9. Verify the Git Commit​
Task 13: Check the Repository​
Visit the CAIPE Labs repository to verify your report was committed:
Repository URL:
%%REPO_URL%%
What to look for:
- ✅ A file named
%%LABNAME%%-report.mdin the repository - ✅ Commit message: "agntcy-report"
- ✅ Content about AGNTCY from the RAG knowledge base
- ✅ Proper markdown formatting
What this proves:
- The RAG agent successfully retrieved and synthesized information
- The Git agent successfully authenticated and pushed changes
- The supervisor correctly coordinated the multi-step workflow
- Agents can interact with external systems (GitHub) autonomously
10. Clean Up​
Task 14: Stop the System​
When you're done exploring, stop all containers:
cd $HOME/work/ai-platform-engineering
./deploy.sh stop
What this does:
- Gracefully shuts down all agent containers
- Stops the RAG server and vector database
- Stops the Agent Forge UI
- Cleans up network connections
[!NOTE] The vector database data persists in Docker volumes. If you restart the system, your ingested documents will still be available.
11. Summary​
Congratulations! You've completed Part 3 of the AI Agents lab series. Here's what you accomplished:
✅ Understood Retrieval-Augmented Generation (RAG) concepts
✅ Learned how vector databases enable semantic search
✅ Deployed a complete RAG system with Milvus
✅ Ingested documentation into a knowledge base
✅ Tested RAG retrieval and generation
✅ Used the Git agent for version control automation
✅ Orchestrated a complex multi-agent workflow
Key Takeaways from Part 3​
- RAG grounds LLM responses in external knowledge - Reduces hallucinations and provides up-to-date information
- Vector databases enable semantic search - Find relevant content based on meaning, not just keywords
- Chunking strategy affects retrieval quality - Proper document splitting is crucial for good results
- Embeddings capture semantic meaning - Same model must be used for ingestion and retrieval
- Multi-agent workflows enable complex automation - Specialized agents collaborate on multi-step tasks
RAG System Components​
- Ingestion Pipeline: Crawling → Parsing → Chunking → Embedding → Storage
- Retrieval Pipeline: Query Embedding → Similarity Search → Context Assembly → Generation
- Vector Database: Milvus for high-performance similarity search
- Agents: RAG agent for knowledge retrieval, Git agent for version control
Multi-Agent Coordination Patterns​
- Sequential execution: Tasks with dependencies run in order
- Data passing: Information flows between agents
- Error handling: Failures propagate to supervisor
- State management: Supervisor tracks workflow progress
What's Next?​
- Part 4: Tracing and Observability — Add Langfuse and observe agent interactions end-to-end.

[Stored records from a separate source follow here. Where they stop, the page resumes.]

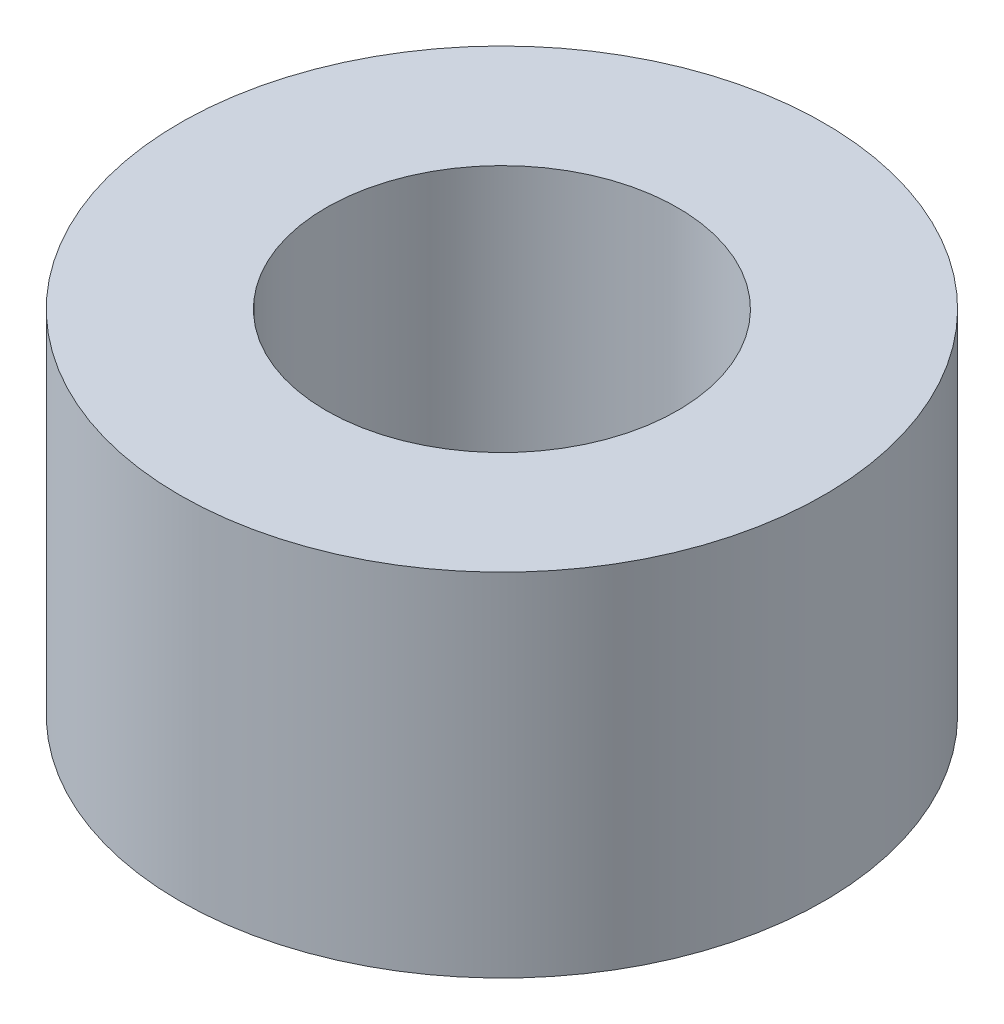
from build123d import *

# Parameters (mm, degrees)
SKETCH1_R           = 5.5
SKETCH1_R_2         = 3
BOSS_EXTRUDE1_DEPTH = 6


with BuildPart() as part:
    # Sketch1 → Boss-Extrude1 (new body)
    with BuildSketch(Plane(origin=(0, 0, 0), x_dir=(1, 0, 0), z_dir=(0, 1, 0))):
        with Locations(Location((0, 0, 0), (0, 0, 270))):
            Circle(SKETCH1_R)
        with Locations(Location((0, 0, 0), (0, 0, 270))):
            Circle(SKETCH1_R_2, mode=Mode.SUBTRACT)
    extrude(amount=BOSS_EXTRUDE1_DEPTH)


solid = part.part
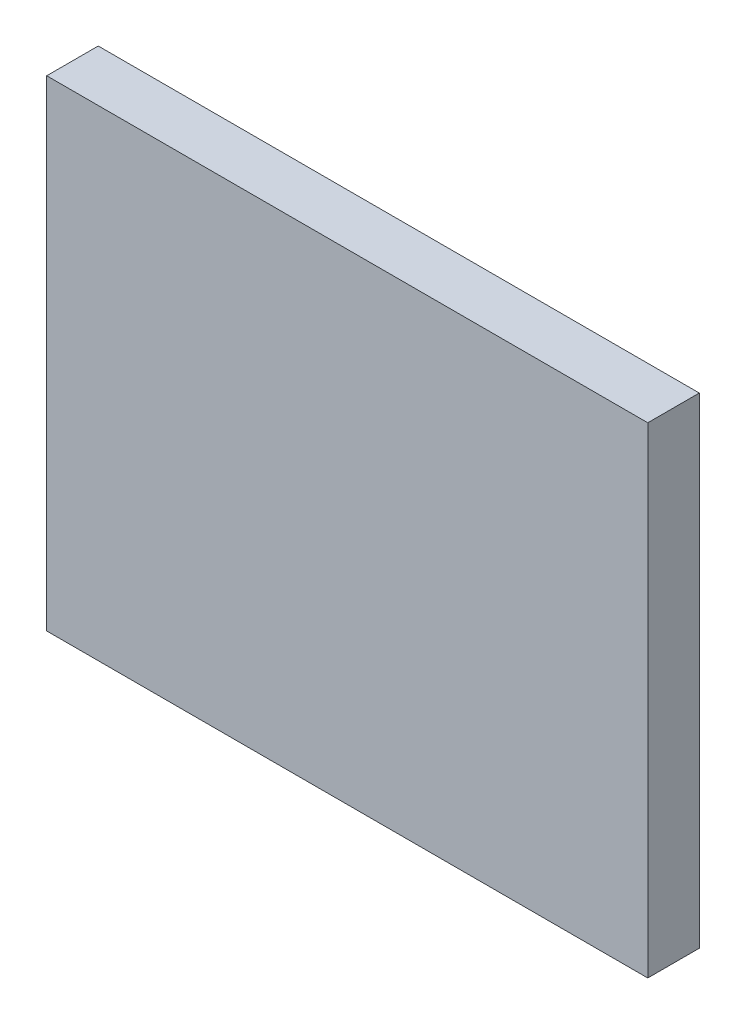
from build123d import *

# Parameters (mm, degrees)
ESQUISSE1_W        = 350
ESQUISSE1_H        = 280
BOSS_EXTRU_1_DEPTH = 30


with BuildPart() as part:
    # Esquisse1 → Boss.-Extru.1 (new body)
    with BuildSketch(Plane.XY):
        with Locations((175, 140)):
            Rectangle(ESQUISSE1_W, ESQUISSE1_H)
    extrude(amount=BOSS_EXTRU_1_DEPTH)


solid = part.part
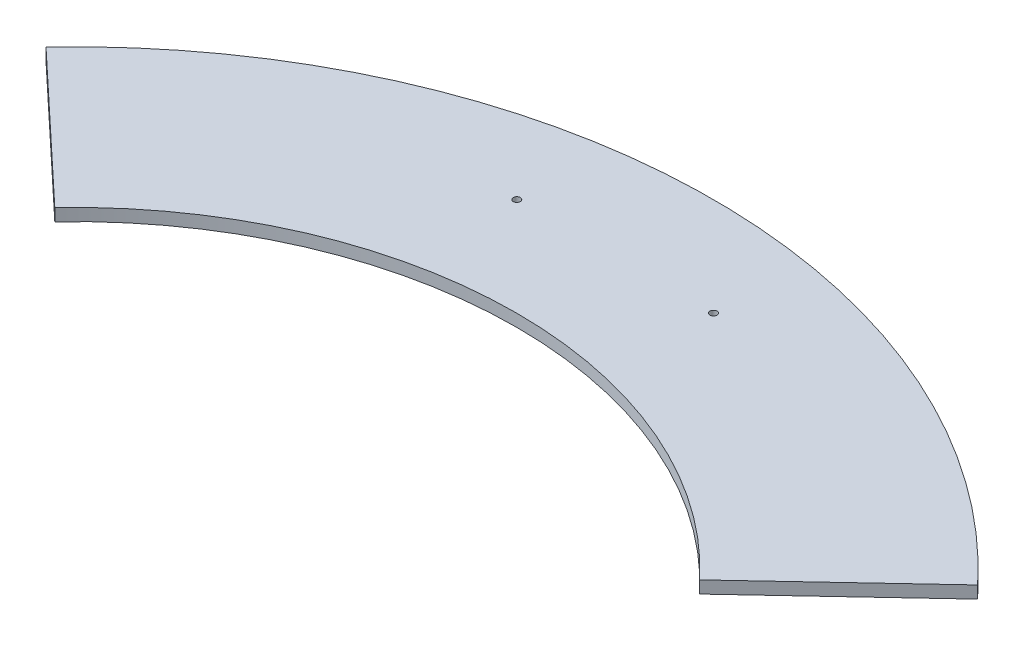
from build123d import *

# Parameters (mm, degrees)
BOSS_EXTRUDE1_DEPTH       = 6.35
F_6_CLEARANCE_HOLE1_D     = 3.6576
F_6_CLEARANCE_HOLE1_DEPTH = 25.4
F_6_CLEARANCE_HOLE1_TIP   = 1.0988539


with BuildPart() as part:
    # Sketch1 → Boss-Extrude1 (new body)
    with BuildSketch(Plane(origin=(0, 0, 0), x_dir=(1, 0, 0), z_dir=(0, 1, 0))):
        with BuildLine():
            Line((166.494481955, 130.873744419), (240.574340444, 200.406))
            ThreePointArc((240.574340444, 200.406), (0, 304.546), (-240.574340444, 200.406))
            Line((-240.574340444, 200.406), (-166.494481955, 130.873744419))
            ThreePointArc((-166.494481955, 130.873744419), (0, 202.946), (166.494481955, 130.873744419))
        make_face()
    extrude(amount=BOSS_EXTRUDE1_DEPTH)

    # #6 Clearance Hole1
    with Locations(Plane(origin=(-50.8, 6.35, -253.746255929), x_dir=(0, 0, 1), z_dir=(0, 1, 0))):
        with Locations((0, 0), (0, 101.6)):
            Hole(F_6_CLEARANCE_HOLE1_D / 2, depth=F_6_CLEARANCE_HOLE1_DEPTH)
            with Locations((0, 0, -(F_6_CLEARANCE_HOLE1_DEPTH + F_6_CLEARANCE_HOLE1_TIP / 2))):  # 118° drill point
                Cone(0, F_6_CLEARANCE_HOLE1_D / 2, F_6_CLEARANCE_HOLE1_TIP, mode=Mode.SUBTRACT)


solid = part.part
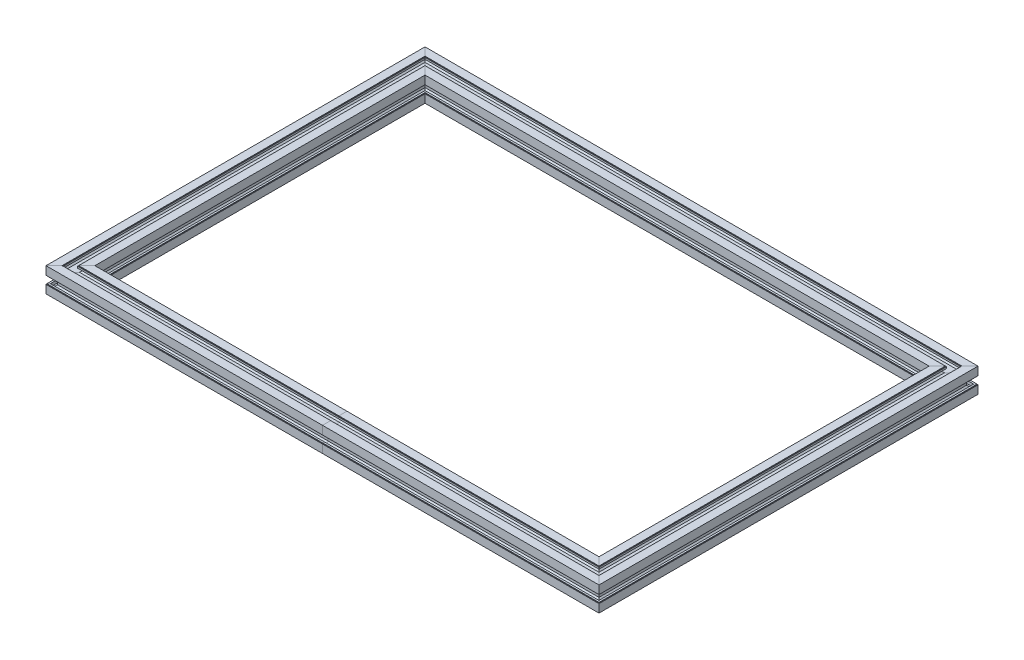
from build123d import *

# Parameters (mm, degrees)
CROQUIS2_R = 2.5


with BuildPart() as part:
    # Barrer1: sweep along a path in Croquis1
    with BuildLine(Plane(origin=(0, 0, 0), x_dir=(1, 0, 0), z_dir=(0, 1, 0))) as barrer1_path:
        Line((-210.93, 141.5), (210.93, 141.5))
        Line((210.93, 141.5), (210.93, -141.5))
        Line((210.93, -141.5), (-210.93, -141.5))
        Line((-210.93, -141.5), (-210.93, 141.5))
    # Croquis2 → Barrer1 (sweep)
    with BuildSketch(Plane(origin=(0, 0, 0), x_dir=(0, 0, -1), z_dir=(1, 0, 0))):
        Polygon((-144.848190044, 9.751218458), (-144.848190044, 9.391218458), (-144.343190044, 9.391218458), (-144.343190044, 8.021218458), (-146.678190044, 8.021218458), (-146.678190044, 6.721218458), (-145.121709911, 5.163799744), (-137.875239336, 5.163799744), (-136.318759202, 6.721218458), (-136.318759202, 8.021218458), (-138.653759202, 8.021218458), (-138.653759202, 9.391218458), (-138.148759202, 9.391218458), (-138.148759202, 9.751218458), (-131.747639801, 9.751218458), (-131.747639801, 3.185976388), (-132.107639736, 3.185759368), (-132.107335305, 2.68075946), (-133.477335056, 2.679933578), (-133.478742672, 5.014933154), (-134.778742435, 5.01414947), (-136.335222569, 3.456730756), (-136.335222569, -3.455477102), (-134.778742435, -5.012895817), (-133.478742672, -5.0136795), (-133.477335056, -2.678679924), (-132.107335305, -2.679505806), (-132.107639736, -3.184505714), (-131.747639801, -3.184722734), (-131.747639801, -9.749964804), (-138.148759202, -9.749964804), (-138.148759202, -9.389964804), (-138.653759202, -9.389964804), (-138.653759202, -8.019964804), (-136.318759202, -8.019964804), (-136.318759202, -6.719964804), (-137.875239336, -5.16254609), (-145.121709911, -5.16254609), (-146.678190044, -6.719964804), (-146.678190044, -8.019964804), (-144.343190044, -8.019964804), (-144.343190044, -9.389964804), (-144.848190044, -9.389964804), (-144.848190044, -9.749964804), (-151.249309446, -9.749964804), (-151.249309446, -3.184722734), (-150.889309511, -3.184505714), (-150.889613942, -2.679505806), (-149.519614191, -2.678679924), (-149.518206575, -5.0136795), (-148.218206811, -5.012895817), (-146.661726678, -3.455477102), (-146.661726678, 3.456730756), (-148.218206811, 5.01414947), (-149.518206575, 5.014933154), (-149.519614191, 2.679933578), (-150.889613942, 2.68075946), (-150.889309511, 3.185759368), (-151.249309446, 3.185976388), (-151.249309446, 9.751218458), align=None)
        with Locations((-141.498474623, 0.000626827)):
            Circle(CROQUIS2_R, mode=Mode.SUBTRACT)
    sweep(path=barrer1_path.line, transition=Transition.RIGHT)


solid = part.part

Then explore advanced topics:
- Fine-tuning embedding models for your domain
- Implementing hybrid search (vector + keyword)
- Building custom agents for your workflows
- Scaling RAG systems for production
- Advanced chunking and retrieval strategies
Additional Resources​
For deeper exploration:
- LangChain RAG Tutorial: Comprehensive RAG implementation guide
- Recursive Text Splitter: Chunking strategies
- Milvus Documentation: Vector database operations
- RAG Best Practices: Optimization techniques
- CAIPE GitHub Repository: Source code and examples
Part 3 Complete! You now understand how to build RAG-powered agents and orchestrate complex multi-agent workflows that combine knowledge retrieval with external system automation.